Recorded data
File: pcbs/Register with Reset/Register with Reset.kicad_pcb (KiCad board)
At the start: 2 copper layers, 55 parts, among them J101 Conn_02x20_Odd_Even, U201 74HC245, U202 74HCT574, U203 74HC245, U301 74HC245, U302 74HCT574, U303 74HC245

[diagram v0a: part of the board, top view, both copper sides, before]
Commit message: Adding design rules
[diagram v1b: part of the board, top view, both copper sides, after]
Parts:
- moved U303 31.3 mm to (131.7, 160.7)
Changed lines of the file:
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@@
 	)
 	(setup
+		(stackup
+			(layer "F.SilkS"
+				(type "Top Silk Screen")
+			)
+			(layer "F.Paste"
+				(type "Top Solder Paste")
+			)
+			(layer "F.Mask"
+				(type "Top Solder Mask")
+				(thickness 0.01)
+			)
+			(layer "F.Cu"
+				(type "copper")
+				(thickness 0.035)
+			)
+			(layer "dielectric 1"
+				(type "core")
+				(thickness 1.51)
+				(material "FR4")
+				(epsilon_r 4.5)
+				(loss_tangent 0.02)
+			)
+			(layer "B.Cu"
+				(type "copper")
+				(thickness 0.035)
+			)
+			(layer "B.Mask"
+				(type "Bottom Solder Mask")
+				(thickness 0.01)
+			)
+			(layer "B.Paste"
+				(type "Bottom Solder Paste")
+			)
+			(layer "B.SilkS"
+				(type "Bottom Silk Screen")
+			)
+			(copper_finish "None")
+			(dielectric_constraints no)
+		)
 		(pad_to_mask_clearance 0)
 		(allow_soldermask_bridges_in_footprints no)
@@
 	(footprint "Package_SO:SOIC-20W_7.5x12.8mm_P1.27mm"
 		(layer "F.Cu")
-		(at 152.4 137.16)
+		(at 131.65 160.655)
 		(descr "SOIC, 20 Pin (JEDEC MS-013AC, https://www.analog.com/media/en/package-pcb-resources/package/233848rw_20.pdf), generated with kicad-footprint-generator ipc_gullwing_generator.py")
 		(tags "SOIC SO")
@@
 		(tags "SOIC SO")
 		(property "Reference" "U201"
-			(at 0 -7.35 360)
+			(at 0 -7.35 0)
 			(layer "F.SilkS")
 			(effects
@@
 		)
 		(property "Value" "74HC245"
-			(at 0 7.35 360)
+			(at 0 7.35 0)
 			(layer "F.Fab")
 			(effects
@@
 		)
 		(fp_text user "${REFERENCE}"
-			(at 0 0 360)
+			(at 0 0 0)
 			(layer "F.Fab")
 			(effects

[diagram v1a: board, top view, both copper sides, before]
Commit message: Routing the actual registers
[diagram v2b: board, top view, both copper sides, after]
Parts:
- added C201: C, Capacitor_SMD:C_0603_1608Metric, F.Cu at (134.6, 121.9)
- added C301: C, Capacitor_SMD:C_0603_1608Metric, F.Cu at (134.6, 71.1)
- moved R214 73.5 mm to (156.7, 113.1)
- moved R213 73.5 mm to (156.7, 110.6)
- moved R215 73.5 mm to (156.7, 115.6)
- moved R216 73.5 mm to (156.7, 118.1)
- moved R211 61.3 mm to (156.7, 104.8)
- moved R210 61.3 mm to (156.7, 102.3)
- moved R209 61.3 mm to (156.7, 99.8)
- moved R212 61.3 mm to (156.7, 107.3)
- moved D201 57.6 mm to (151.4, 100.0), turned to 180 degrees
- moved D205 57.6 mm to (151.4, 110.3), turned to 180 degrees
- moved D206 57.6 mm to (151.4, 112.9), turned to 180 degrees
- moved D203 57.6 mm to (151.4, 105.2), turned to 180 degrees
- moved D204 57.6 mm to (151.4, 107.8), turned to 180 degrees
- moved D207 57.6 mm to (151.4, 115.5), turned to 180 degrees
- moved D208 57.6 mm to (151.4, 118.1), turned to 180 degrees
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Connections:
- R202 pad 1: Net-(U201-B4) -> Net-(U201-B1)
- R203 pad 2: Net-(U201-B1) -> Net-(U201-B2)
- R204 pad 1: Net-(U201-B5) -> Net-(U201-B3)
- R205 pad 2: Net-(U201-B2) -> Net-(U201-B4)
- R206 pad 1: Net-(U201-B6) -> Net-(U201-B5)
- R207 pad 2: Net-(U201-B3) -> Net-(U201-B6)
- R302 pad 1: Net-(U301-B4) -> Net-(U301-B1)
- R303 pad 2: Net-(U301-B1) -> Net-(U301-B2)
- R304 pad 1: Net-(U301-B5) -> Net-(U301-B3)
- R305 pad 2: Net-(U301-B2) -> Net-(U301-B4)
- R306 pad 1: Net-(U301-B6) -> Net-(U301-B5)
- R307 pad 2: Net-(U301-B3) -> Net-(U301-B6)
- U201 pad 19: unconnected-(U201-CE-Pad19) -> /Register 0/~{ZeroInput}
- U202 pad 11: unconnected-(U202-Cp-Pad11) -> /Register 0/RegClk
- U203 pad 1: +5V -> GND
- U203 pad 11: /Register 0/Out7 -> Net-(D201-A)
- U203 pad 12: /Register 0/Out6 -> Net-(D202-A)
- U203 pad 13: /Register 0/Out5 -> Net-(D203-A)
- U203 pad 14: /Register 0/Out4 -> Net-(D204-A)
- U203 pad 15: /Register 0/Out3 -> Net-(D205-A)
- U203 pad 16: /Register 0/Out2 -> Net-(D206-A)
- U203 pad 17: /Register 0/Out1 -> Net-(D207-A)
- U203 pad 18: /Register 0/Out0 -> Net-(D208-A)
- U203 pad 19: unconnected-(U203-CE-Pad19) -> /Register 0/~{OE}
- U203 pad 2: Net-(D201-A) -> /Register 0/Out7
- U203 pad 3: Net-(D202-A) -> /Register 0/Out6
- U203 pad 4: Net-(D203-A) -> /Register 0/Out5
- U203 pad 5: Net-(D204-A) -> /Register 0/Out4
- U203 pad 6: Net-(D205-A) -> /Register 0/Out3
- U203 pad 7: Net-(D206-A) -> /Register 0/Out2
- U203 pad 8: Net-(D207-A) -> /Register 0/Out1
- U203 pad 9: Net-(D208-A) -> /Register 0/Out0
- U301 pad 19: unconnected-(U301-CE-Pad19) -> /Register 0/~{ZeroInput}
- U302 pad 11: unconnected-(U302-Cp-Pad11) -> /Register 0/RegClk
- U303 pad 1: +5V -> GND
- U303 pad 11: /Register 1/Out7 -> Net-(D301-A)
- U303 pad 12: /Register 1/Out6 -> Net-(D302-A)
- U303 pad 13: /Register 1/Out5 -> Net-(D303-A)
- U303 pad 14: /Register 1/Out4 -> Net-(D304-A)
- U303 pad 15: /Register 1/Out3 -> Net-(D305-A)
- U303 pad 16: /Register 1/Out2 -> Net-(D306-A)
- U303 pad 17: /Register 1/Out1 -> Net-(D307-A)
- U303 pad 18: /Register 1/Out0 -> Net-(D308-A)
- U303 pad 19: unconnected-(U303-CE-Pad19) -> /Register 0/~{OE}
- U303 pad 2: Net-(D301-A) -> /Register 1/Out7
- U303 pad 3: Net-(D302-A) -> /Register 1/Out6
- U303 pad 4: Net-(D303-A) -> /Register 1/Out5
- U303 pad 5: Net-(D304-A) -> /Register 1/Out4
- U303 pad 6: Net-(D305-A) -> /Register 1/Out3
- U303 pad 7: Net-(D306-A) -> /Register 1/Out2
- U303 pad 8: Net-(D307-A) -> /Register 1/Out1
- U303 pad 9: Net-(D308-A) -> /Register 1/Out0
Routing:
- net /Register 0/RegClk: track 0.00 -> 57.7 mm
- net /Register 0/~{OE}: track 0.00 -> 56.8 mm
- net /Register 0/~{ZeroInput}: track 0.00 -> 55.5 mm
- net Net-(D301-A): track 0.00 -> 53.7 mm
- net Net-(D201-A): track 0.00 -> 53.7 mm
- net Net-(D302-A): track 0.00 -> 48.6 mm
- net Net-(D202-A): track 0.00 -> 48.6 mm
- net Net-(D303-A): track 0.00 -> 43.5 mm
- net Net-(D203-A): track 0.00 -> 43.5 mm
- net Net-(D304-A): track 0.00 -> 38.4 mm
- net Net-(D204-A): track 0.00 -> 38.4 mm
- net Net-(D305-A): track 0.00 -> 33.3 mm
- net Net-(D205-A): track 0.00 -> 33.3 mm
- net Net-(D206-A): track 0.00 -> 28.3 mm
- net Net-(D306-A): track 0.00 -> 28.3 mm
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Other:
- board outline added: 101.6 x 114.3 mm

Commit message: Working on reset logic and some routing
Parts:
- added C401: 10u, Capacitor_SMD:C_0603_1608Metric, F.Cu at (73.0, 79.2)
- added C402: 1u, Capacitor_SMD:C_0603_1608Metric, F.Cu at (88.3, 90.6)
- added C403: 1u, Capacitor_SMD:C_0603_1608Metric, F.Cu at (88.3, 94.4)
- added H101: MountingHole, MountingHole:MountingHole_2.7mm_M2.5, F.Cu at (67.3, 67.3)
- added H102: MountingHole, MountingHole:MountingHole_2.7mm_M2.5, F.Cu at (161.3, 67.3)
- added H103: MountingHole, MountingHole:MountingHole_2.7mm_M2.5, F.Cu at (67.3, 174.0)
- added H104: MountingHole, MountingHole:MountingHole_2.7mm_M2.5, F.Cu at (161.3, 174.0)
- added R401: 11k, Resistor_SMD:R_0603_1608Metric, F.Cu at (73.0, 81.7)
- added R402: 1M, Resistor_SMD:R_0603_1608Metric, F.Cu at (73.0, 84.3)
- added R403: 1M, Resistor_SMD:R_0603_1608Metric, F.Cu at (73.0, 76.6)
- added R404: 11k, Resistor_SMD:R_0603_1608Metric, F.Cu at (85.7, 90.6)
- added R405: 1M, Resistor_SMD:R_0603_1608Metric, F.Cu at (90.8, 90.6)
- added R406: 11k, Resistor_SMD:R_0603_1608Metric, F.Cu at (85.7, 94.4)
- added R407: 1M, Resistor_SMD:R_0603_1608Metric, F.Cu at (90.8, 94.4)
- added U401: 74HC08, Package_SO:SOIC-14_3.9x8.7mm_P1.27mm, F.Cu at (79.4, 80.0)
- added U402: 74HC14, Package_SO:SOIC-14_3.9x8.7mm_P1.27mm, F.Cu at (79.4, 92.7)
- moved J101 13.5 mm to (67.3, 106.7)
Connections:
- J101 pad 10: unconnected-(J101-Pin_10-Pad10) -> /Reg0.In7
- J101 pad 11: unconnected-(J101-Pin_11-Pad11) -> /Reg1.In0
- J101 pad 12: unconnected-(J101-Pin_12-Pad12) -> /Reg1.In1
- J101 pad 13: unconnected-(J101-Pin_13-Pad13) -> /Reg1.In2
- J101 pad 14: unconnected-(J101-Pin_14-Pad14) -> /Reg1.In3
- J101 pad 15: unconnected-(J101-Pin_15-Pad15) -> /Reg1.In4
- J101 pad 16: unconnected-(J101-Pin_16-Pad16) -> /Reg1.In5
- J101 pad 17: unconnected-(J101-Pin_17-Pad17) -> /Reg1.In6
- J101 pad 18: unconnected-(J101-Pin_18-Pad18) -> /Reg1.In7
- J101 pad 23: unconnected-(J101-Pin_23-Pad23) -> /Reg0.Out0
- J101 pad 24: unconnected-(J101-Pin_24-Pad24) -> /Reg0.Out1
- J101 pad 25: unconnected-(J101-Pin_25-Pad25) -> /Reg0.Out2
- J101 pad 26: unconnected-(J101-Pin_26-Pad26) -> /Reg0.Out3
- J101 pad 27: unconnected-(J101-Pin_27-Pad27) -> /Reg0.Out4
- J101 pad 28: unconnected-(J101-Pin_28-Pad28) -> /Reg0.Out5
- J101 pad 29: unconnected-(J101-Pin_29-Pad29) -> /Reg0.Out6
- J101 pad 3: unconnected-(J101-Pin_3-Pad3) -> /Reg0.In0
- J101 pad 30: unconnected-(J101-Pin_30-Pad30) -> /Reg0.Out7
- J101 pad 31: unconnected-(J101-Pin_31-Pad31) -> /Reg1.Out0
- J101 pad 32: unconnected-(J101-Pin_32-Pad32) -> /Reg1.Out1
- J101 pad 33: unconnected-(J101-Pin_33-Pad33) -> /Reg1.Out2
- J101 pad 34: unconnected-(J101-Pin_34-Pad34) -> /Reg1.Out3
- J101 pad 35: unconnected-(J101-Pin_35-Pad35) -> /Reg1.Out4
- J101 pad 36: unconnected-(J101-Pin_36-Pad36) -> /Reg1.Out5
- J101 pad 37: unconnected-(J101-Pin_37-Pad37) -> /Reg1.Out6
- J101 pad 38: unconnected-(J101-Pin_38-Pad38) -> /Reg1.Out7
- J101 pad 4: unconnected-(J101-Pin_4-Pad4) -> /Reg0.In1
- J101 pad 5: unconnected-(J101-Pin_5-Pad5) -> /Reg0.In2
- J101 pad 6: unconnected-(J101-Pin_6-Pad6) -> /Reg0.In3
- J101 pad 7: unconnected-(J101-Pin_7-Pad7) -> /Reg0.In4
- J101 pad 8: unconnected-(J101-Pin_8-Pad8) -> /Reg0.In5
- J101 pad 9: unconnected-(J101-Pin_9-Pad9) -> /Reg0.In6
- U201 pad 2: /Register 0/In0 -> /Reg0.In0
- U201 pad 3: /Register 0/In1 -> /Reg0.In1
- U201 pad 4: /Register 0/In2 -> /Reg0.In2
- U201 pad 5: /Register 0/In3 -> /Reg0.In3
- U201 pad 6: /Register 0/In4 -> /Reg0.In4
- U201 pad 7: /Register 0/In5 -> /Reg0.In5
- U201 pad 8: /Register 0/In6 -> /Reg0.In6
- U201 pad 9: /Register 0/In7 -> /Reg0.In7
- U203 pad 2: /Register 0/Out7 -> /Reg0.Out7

What the task asks
Of all the entries above, output exactly the lines between the one holding "- net Net-(D306-A): track 0.00 -> 28.3 mm" and the one holding "- added R405: 1M, Resistor_SMD:R_0603_1608Metric, F.Cu", inclusive.

Response for this exercise
- net Net-(D306-A): track 0.00 -> 28.3 mm
Other:
- board outline added: 101.6 x 114.3 mm

Commit message: Working on reset logic and some routing
Parts:
- added C401: 10u, Capacitor_SMD:C_0603_1608Metric, F.Cu at (73.0, 79.2)
- added C402: 1u, Capacitor_SMD:C_0603_1608Metric, F.Cu at (88.3, 90.6)
- added C403: 1u, Capacitor_SMD:C_0603_1608Metric, F.Cu at (88.3, 94.4)
- added H101: MountingHole, MountingHole:MountingHole_2.7mm_M2.5, F.Cu at (67.3, 67.3)
- added H102: MountingHole, MountingHole:MountingHole_2.7mm_M2.5, F.Cu at (161.3, 67.3)
- added H103: MountingHole, MountingHole:MountingHole_2.7mm_M2.5, F.Cu at (67.3, 174.0)
- added H104: MountingHole, MountingHole:MountingHole_2.7mm_M2.5, F.Cu at (161.3, 174.0)
- added R401: 11k, Resistor_SMD:R_0603_1608Metric, F.Cu at (73.0, 81.7)
- added R402: 1M, Resistor_SMD:R_0603_1608Metric, F.Cu at (73.0, 84.3)
- added R403: 1M, Resistor_SMD:R_0603_1608Metric, F.Cu at (73.0, 76.6)
- added R404: 11k, Resistor_SMD:R_0603_1608Metric, F.Cu at (85.7, 90.6)
- added R405: 1M, Resistor_SMD:R_0603_1608Metric, F.Cu at (90.8, 90.6)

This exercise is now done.